Optical fibers are used in various types of communication networks for facilitating data transfer at a rate of at least one gigabit per second (i.e., “Gbps” or “G”). Traditional 1G and 10G networks, in which data is transferred at a rate of 1 Gbps and 10 Gbps, respectively, are based upon a 12-count (“12ct”) fiber and/or a structured cabling system (SCS) utilizing a 12ct fiber basis. That is, the base unit of network hardware including cables, ribbon cables, trunk cables, connectors, converters, adapters, patches, etc., of traditional networks is a 12ct fiber.
The demand for faster data transfer (e.g., at a rate of 40G, 100G, 400G etc.) is ever increasing, in part due to the onset of smart technology, which utilize fiber networks and/or components thereof for accessing (i.e., sending/receiving) data from network carriers/providers, media outlets, the cloud, data applications, social media applications, etc. Network providers can utilize data centers for housing network hardware or components, including servers, transceivers, receivers, communication modules, converters, connectors, plates, patches, racks, routers, switches, ports, etc., for supporting 1G/10G/40G/100G networks. Conventional networks and network data centers utilize hardware based upon the traditional 12ct fiber.

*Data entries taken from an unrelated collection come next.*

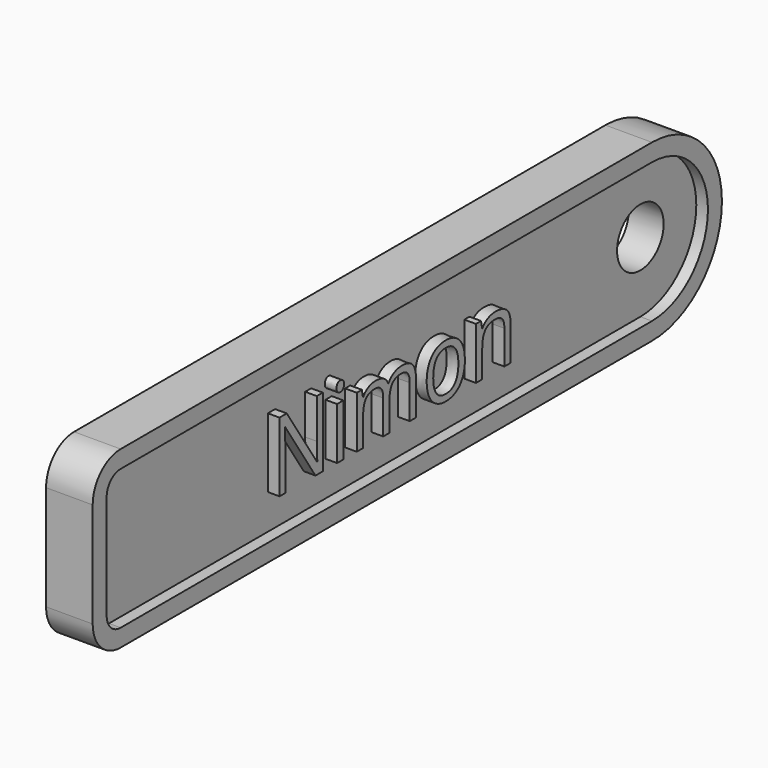
from build123d import *

# Parameters (mm, degrees)
F0_R         = 63.5
F1_DEPTH     = 76.2
F2_TEXT_SIZE = 211.6666666667
F3_DEPTH     = 25.4
F5_DEPTH     = 25.4


# Not quite as in the source:
# - Text() gives the source's letters only with a copy of the font that has no kerning and outlines rounded to 1/6400 em; it was checked with that copy


with BuildPart() as f1:
    # F0 (on Right) → F1 (new body)
    with BuildSketch(Plane.YZ):
        with BuildLine():
            Line((765.8453470916, 190.5), (-681.9546529084, 190.5))
            ThreePointArc((-681.9546529084, 190.5), (-735.8361896349, 168.1815367264), (-758.1546529084, 114.3))
            Line((-758.1546529084, 114.3), (-758.1546529084, -114.3))
            ThreePointArc((-758.1546529084, -114.3), (-735.8361896349, -168.1815367264), (-681.9546529084, -190.5))
            Line((-681.9546529084, -190.5), (765.8453470916, -190.5))
            ThreePointArc((765.8453470916, -190.5), (956.3453470916, 0), (765.8453470916, 190.5))
        make_face()
        with Locations((765.8453470916, 0)):
            Circle(F0_R, mode=Mode.SUBTRACT)
    extrude(amount=F1_DEPTH)

    # F2 (on face) → F3 (join)
    with BuildSketch(Plane.YZ.offset(76.2)):
        with Locations((-269.9523142815, -76.2)):
            Text('Nimon', F2_TEXT_SIZE, font='Open Sans', text_align=(TextAlign.LEFT, TextAlign.BOTTOM))
    extrude(amount=F3_DEPTH)

    # F4 (on face) → F5 (join)
    with BuildSketch(Plane.YZ.offset(76.2)):
        with BuildLine():
            ThreePointArc((-758.1546529084, -114.3), (-735.8361896349, -168.1815367264), (-681.9546529084, -190.5))
            Line((-681.9546529084, -190.5), (765.8453470916, -190.5))
            ThreePointArc((765.8453470916, -190.5), (956.3453470916, 0), (765.8453470916, 190.5))
            Line((765.8453470916, 190.5), (-681.9546529084, 190.5))
            ThreePointArc((-681.9546529084, 190.5), (-735.8361896349, 168.1815367264), (-758.1546529084, 114.3))
            Line((-758.1546529084, 114.3), (-758.1546529084, -114.3))
        make_face()
        with BuildLine():
            ThreePointArc((-720.0546529084, 114.3), (-708.8954212717, 141.2407683632), (-681.9546529084, 152.4))
            Line((-681.9546529084, 152.4), (765.8453470916, 152.4))
            ThreePointArc((765.8453470916, 152.4), (918.2453470916, 0), (765.8453470916, -152.4))
            Line((765.8453470916, -152.4), (-681.9546529084, -152.4))
            ThreePointArc((-681.9546529084, -152.4), (-708.8954212717, -141.2407683632), (-720.0546529084, -114.3))
            Line((-720.0546529084, -114.3), (-720.0546529084, 114.3))
        make_face(mode=Mode.SUBTRACT)
    extrude(amount=F5_DEPTH)


solid = f1.part
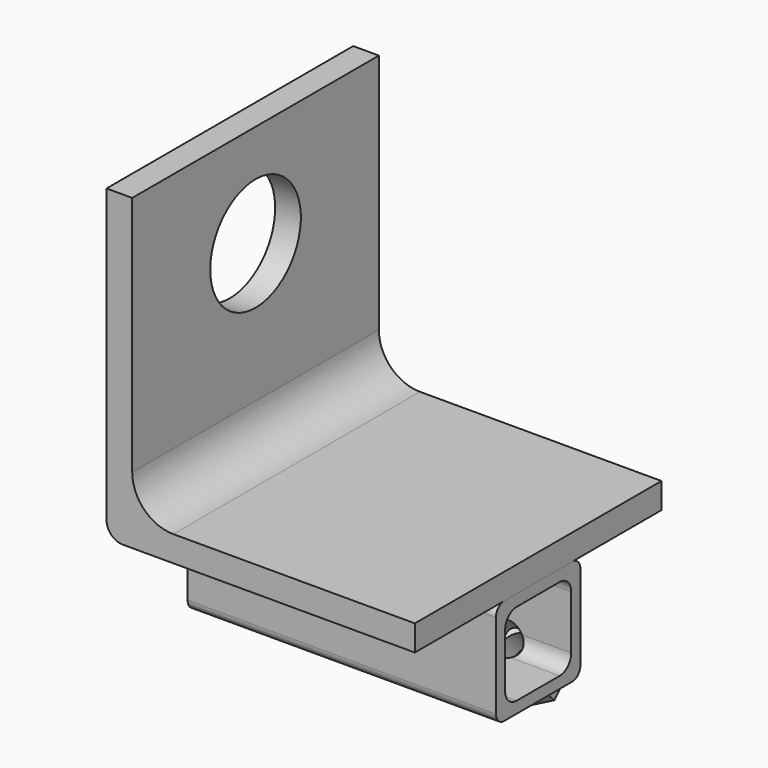
from build123d import *

# Parameters (mm, degrees)
F1_DEPTH  = 38.1
F2_R      = 6.9977
F3_DEPTH  = 38.101
F4_R      = 2.032
F5_R      = 5.08
F6_W      = 13.0556
F6_H      = 13.0556
F7_DEPTH  = 38.1
F8_T      = -1.4224
F9_R      = 1.27
F10_R     = 1.778
F12_R     = 1.984375
F13_DEPTH = 17.1892102157
F16_R     = 1.984375
F17_DEPTH = 3.302
F18_R     = 0.254
F18_2_R   = 0.254


with BuildPart() as f1:
    # F0 (on Front) → F1 (new body)
    with BuildSketch(Plane.XZ):
        Polygon((3.175, 38.1), (0, 38.1), (0, 0), (38.1, 0), (38.1, 3.175), (3.175, 3.175), align=None)
    extrude(amount=F1_DEPTH)

    # F2 (on face) → F3 (cut, through all)
    with BuildSketch(Plane(origin=(0, 0, 0), x_dir=(0, -1, 0), z_dir=(-1, 0, 0))):
        with Locations((19.05, 25.4)):
            Circle(F2_R)
    extrude(amount=-F3_DEPTH, mode=Mode.SUBTRACT)

    # F4
    f4_edges = [f1.edges().sort_by_distance(p)[0] for p in [
        (0, -19.05, 0),
    ]]
    fillet(f4_edges, radius=F4_R)

    # F5
    f5_edges = [f1.edges().sort_by_distance(p)[0] for p in [
        (3.175, -19.05, 3.175),
    ]]
    fillet(f5_edges, radius=F5_R)


with BuildPart() as f7:
    # F6 (on face) → F7 (new body, through all)
    with BuildSketch(Plane(origin=(0, 0, 0), x_dir=(0, -1, 0), z_dir=(-1, 0, 0))):
        with Locations((19.05, -6.5278)):
            Rectangle(F6_W, F6_H)
    extrude(amount=-F7_DEPTH)

    # F8
    f8_openings = [f7.faces().sort_by_distance(p)[0] for p in [
        (38.1, -19.05, -6.5278),
        (0, -19.05, -6.5278),
    ]]
    offset(amount=F8_T, openings=f8_openings)

    # F9
    f9_edges = [f7.edges().sort_by_distance(p)[0] for p in [
        (19.05, -25.5778, -13.0556),
        (19.05, -25.5778, 0),
        (19.05, -12.5222, -13.0556),
        (19.05, -12.5222, 0),
    ]]
    fillet(f9_edges, radius=F9_R)

    # F10
    f10_edges = [f7.edges().sort_by_distance(p)[0] for p in [
        (19.05, -24.1554, -11.6332),
        (19.05, -24.1554, -1.4224),
        (19.05, -13.9446, -1.4224),
        (19.05, -13.9446, -11.6332),
    ]]
    fillet(f10_edges, radius=F10_R)

    # F12 (on face) → F13 (cut, through all)
    with BuildSketch(Plane(origin=(0, -5.6261, 5.6261), x_dir=(1, 0, 0), z_dir=(0, -0.7071067812, 0.7071067812))):
        with Locations((30.48, -18.0862358278)):
            Circle(F12_R)
        with Locations((7.62, -18.0862358278)):
            Circle(F12_R)
    extrude(amount=-F13_DEPTH, mode=Mode.SUBTRACT)


with BuildPart() as f17:
    # F16 (on face) → F17 (new body)
    with BuildSketch(Plane(origin=(0, -0.1052743879, 0.1052743879), x_dir=(1, 0, 0), z_dir=(0, -0.7071067812, 0.7071067812))):
        Polygon((11.985625, -20.6067305968), (11.985625, -15.5657410589), (7.62, -13.04524629), (3.254375, -15.5657410589), (3.254375, -20.6067305968), (7.62, -23.1272253657), align=None)
        with Locations((7.62, -18.0862358278)):
            Circle(F16_R, mode=Mode.SUBTRACT)
    extrude(amount=-F17_DEPTH)

    # F18
    f18_edges = [f17.edges().sort_by_distance(p)[0] for p in [
        (9.802812, -13.232696, -17.691881),
        (11.985625, -10.559308, -15.018492),
        (9.802812, -7.885919, -12.345104),
        (5.437187, -7.885919, -12.345104),
        (3.254375, -10.559308, -15.018492),
        (5.437188, -13.232696, -17.691881),
        (5.635625, -10.559308, -15.018492),
    ]]
    fillet(f18_edges, radius=F18_R)


with BuildPart() as f17b:
    # F16 (on face) → F17, piece 2 (new body)
    with BuildSketch(Plane(origin=(0, -0.1052743879, 0.1052743879), x_dir=(1, 0, 0), z_dir=(0, -0.7071067812, 0.7071067812))):
        Polygon((34.845625, -15.5657410589), (30.48, -13.04524629), (26.114375, -15.5657410589), (26.114375, -20.6067305968), (30.48, -23.1272253657), (34.845625, -20.6067305968), align=None)
        with Locations((30.48, -18.0862358278)):
            Circle(F16_R, mode=Mode.SUBTRACT)
    extrude(amount=-F17_DEPTH)

    # F18#2
    f18_2_edges = [f17b.edges().sort_by_distance(p)[0] for p in [
        (34.845625, -10.559308, -15.018492),
        (32.662813, -7.885919, -12.345104),
        (28.297187, -7.885919, -12.345104),
        (26.114375, -10.559308, -15.018492),
        (28.297187, -13.232696, -17.691881),
        (32.662813, -13.232696, -17.691881),
        (28.495625, -10.559308, -15.018492),
    ]]
    fillet(f18_2_edges, radius=F18_2_R)


solid = Compound([f1.part, f7.part, f17.part, f17b.part])
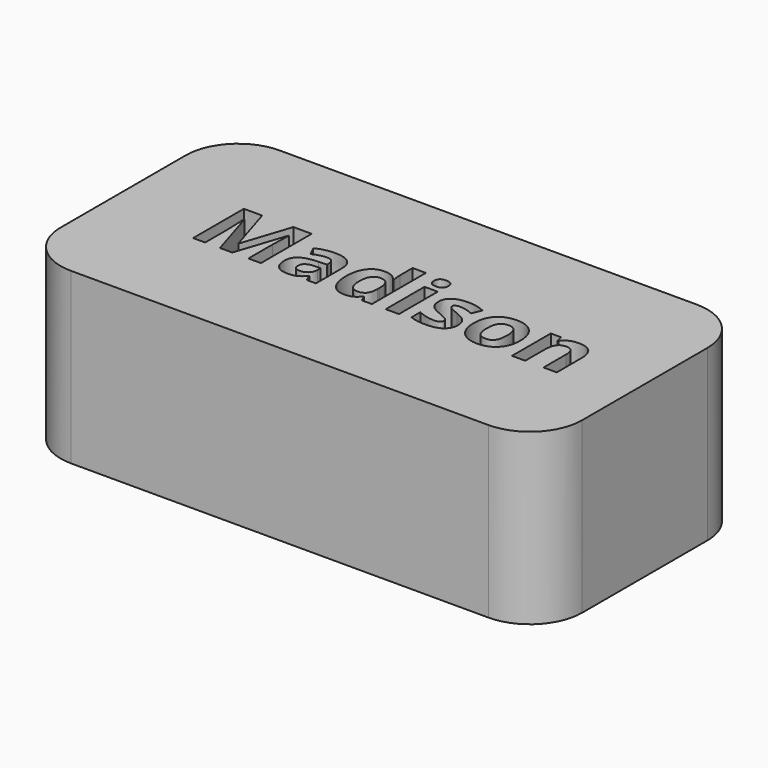
from build123d import *

# Parameters (mm, degrees)
F0_W         = 50.8
F0_H         = 16.51
F1_DEPTH     = 25.4
F2_TEXT_SIZE = 8.6520695024
F3_DEPTH     = 25.4
F4_R         = 5.08


# Not quite as in the source:
# - Text() gives the source's letters only with a copy of the font that has no kerning and outlines rounded to 1/6400 em; it was checked with that copy


with BuildPart() as f1:
    # F0 (on Front) → F1 (new body)
    with BuildSketch(Plane.XZ):
        with Locations((25.4, 8.255)):
            Rectangle(F0_W, F0_H)
    extrude(amount=F1_DEPTH)

    # F2 (on face) → F3 (cut)
    with BuildSketch(Plane.XY.offset(16.51)):
        with Locations((8.1762066111, -15.3790516779)):
            Text('Madison', F2_TEXT_SIZE, font='Open Sans', font_style=FontStyle.BOLD, text_align=(TextAlign.LEFT, TextAlign.BOTTOM))
    extrude(amount=-F3_DEPTH, mode=Mode.SUBTRACT)

    # F4
    f4_edges = [f1.edges().sort_by_distance(p)[0] for p in [
        (0, -25.4, 8.255),
        (50.8, -25.4, 8.255),
        (50.8, 0, 8.255),
        (0, 0, 8.255),
    ]]
    fillet(f4_edges, radius=F4_R)


solid = f1.part
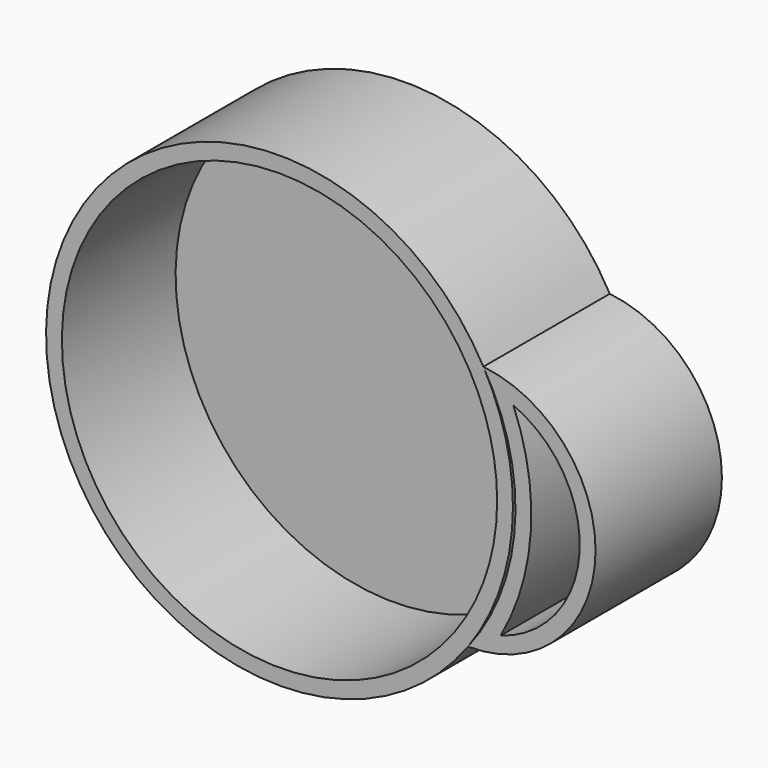
from build123d import *

# Parameters (mm, degrees)
F1_DEPTH = 25.4
F2_T     = -2.54
F2_2_T   = -2.54


with BuildPart() as f1:
    # F0 (on Front) → F1 (new body)
    with BuildSketch(Plane.XZ):
        with BuildLine():
            ThreePointArc((7.4890239755, 3.3776608035), (12.8672812185, 13.8780094101), (14.7210613775, 25.529038161))
            ThreePointArc((14.7210613775, 25.529038161), (13.5144494489, 34.9702915027), (9.9721789394, 43.8046277339))
            ThreePointArc((9.9721789394, 43.8046277339), (-60.2889464795, 27.8305479659), (7.4890239755, 3.3776608035))
        make_face()
    extrude(amount=F1_DEPTH)

    # F2#2
    f2_2_openings = [f1.faces().sort_by_distance(p)[0] for p in [
        (-22.819251, -25.4, 25.529038),
    ]]
    offset(amount=F2_2_T, openings=f2_2_openings)


with BuildPart() as f1b:
    # F0 (on Front) → F1, piece 2 (new body)
    with BuildSketch(Plane.XZ):
        with BuildLine():
            ThreePointArc((7.4890239755, 3.3776608035), (27.9674398386, 22.4095554842), (9.9721789394, 43.8046277339))
            ThreePointArc((9.9721789394, 43.8046277339), (15.0657511021, 23.2020189031), (7.4890239755, 3.3776608035))
        make_face()
    extrude(amount=F1_DEPTH)

    # F2
    f2_openings = [f1b.faces().sort_by_distance(p)[0] for p in [
        (19.125855, -25.4, 22.952634),
    ]]
    offset(amount=F2_T, openings=f2_openings)


solid = Compound([f1.part, f1b.part])
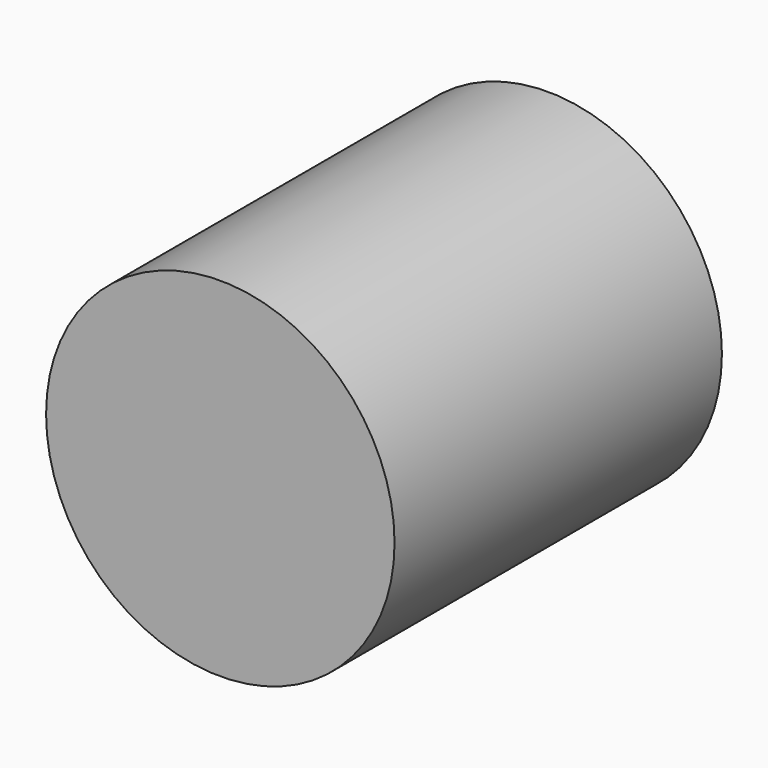
from build123d import *

# Parameters (mm, degrees)
F0_W     = 25.7850475609
F0_H     = 69.0255090594
F1_DEPTH = 97.1566960216
F2_W     = 29.3421596289
F2_H     = 68.0039366707
F3_DEPTH = 74.8365670443
F5_W     = 27.3843407631
F5_H     = 64.3117055297


with BuildPart() as f1:
    # F0 (on Top) → F1 (new body)
    with BuildSketch(Plane.XY):
        with Locations((44.0845470876, 10.3604607284)):
            Rectangle(F0_W, F0_H)
    extrude(amount=F1_DEPTH)

    # F2 (on face) → F3 (join)
    with BuildSketch(Plane.YZ.offset(56.977070868)):
        with Locations((14.6710798144, 47.3301787861)):
            Rectangle(F2_W, F2_H)
    extrude(amount=-F3_DEPTH)


with BuildPart() as f6:
    # F5 (on Top) → F6 (revolve)
    with BuildSketch(Plane.XY):
        with Locations((-27.3843705654, 0.8298419416)):
            Rectangle(F5_W, F5_H)
    revolve(axis=Axis((-13.6922001839, 0.8298419416, 0), (0, -1, 0)))


solid = f6.part
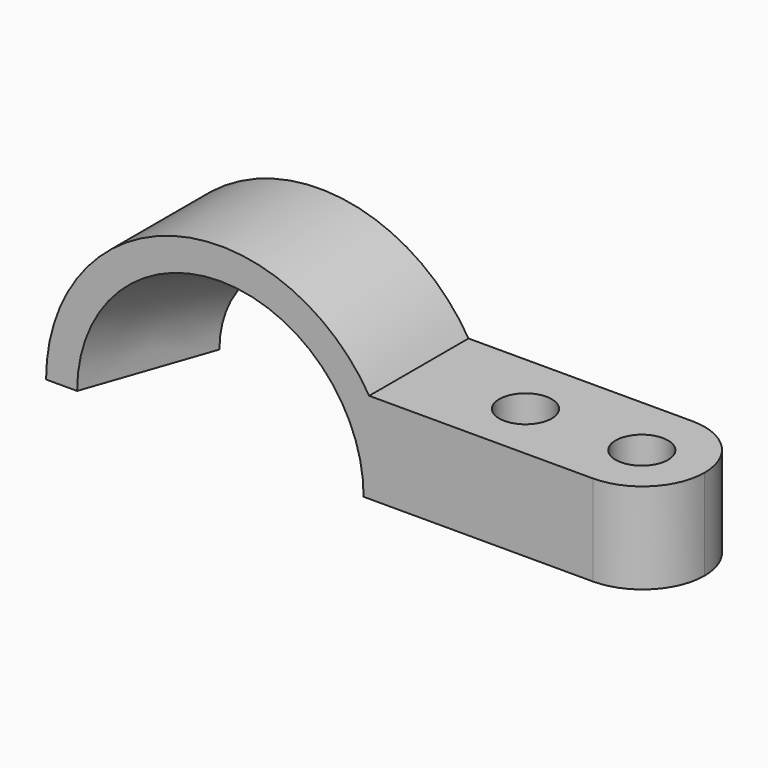
from build123d import *

# Parameters (mm, degrees)
F1_DEPTH = 52
F5_R     = 11
F6_DEPTH = 50
F7_R     = 25.99999


# Not quite as in the source:
# - a fillet or chamfer is up to 0.001 mm smaller than in the source, because OpenCascade refuses the exact size


with BuildPart() as f1:
    # F0 (on Front) → F1 (new body)
    with BuildSketch(Plane.XZ):
        with BuildLine():
            ThreePointArc((-42, 0), (0, 42), (42, 0))
            Line((42, 0), (73, 0))
            Line((73, 0), (182, 0))
            Line((182, 0), (182, 38))
            Line((182, 38), (62.329768169, 38))
            ThreePointArc((62.329768169, 38), (-19.7348286497, 70.2818364741), (-73, 0))
            Line((-73, 0), (-42, 0))
        make_face()
    extrude(amount=F1_DEPTH)

    # F2 (on face) → F3 (revolve, cut)
    with BuildSketch(Plane(origin=(0, 0, 0), x_dir=(1, 0, 0), z_dir=(0, 0, -1))):
        Polygon((-42, 52), (-60, 52), (-42, 0), align=None)
    revolve(axis=Axis((0, -26.5927761793, 0), (0, 1, 0)), mode=Mode.SUBTRACT)

    # F5 (on face) → F6 (cut)
    with BuildSketch(Plane(origin=(0, 0, 0), x_dir=(1, 0, 0), z_dir=(0, 0, -1))):
        with Locations((156, 26.3603460044)):
            Circle(F5_R)
        with Locations((108, 27.2682987475)):
            Circle(F5_R)
    extrude(amount=-F6_DEPTH, mode=Mode.SUBTRACT)

    # F7 (radius 26 in the source; OpenCascade refuses exactly that, so slightly less here)
    f7_edges = [f1.edges().sort_by_distance(p)[0] for p in [
        (182, -52, 19),
        (182, 0, 19),
    ]]
    fillet(f7_edges, radius=F7_R)


solid = f1.part

In faster networks, such as in 40G and 100G networks, only 8 of the 12 optical fibers are typically utilized for facilitating data transmission. Thus, conventional networks have extensive amounts of unused (e.g., wasted) optical fibers. This is costly and expensive to manufacture and maintain. In addition, expensive converters or conversion modules must be used to convert, upgrade, and/or otherwise scale slower networks (i.e., 1G, 10G) into faster networks (i.e., 40G, 100G etc.).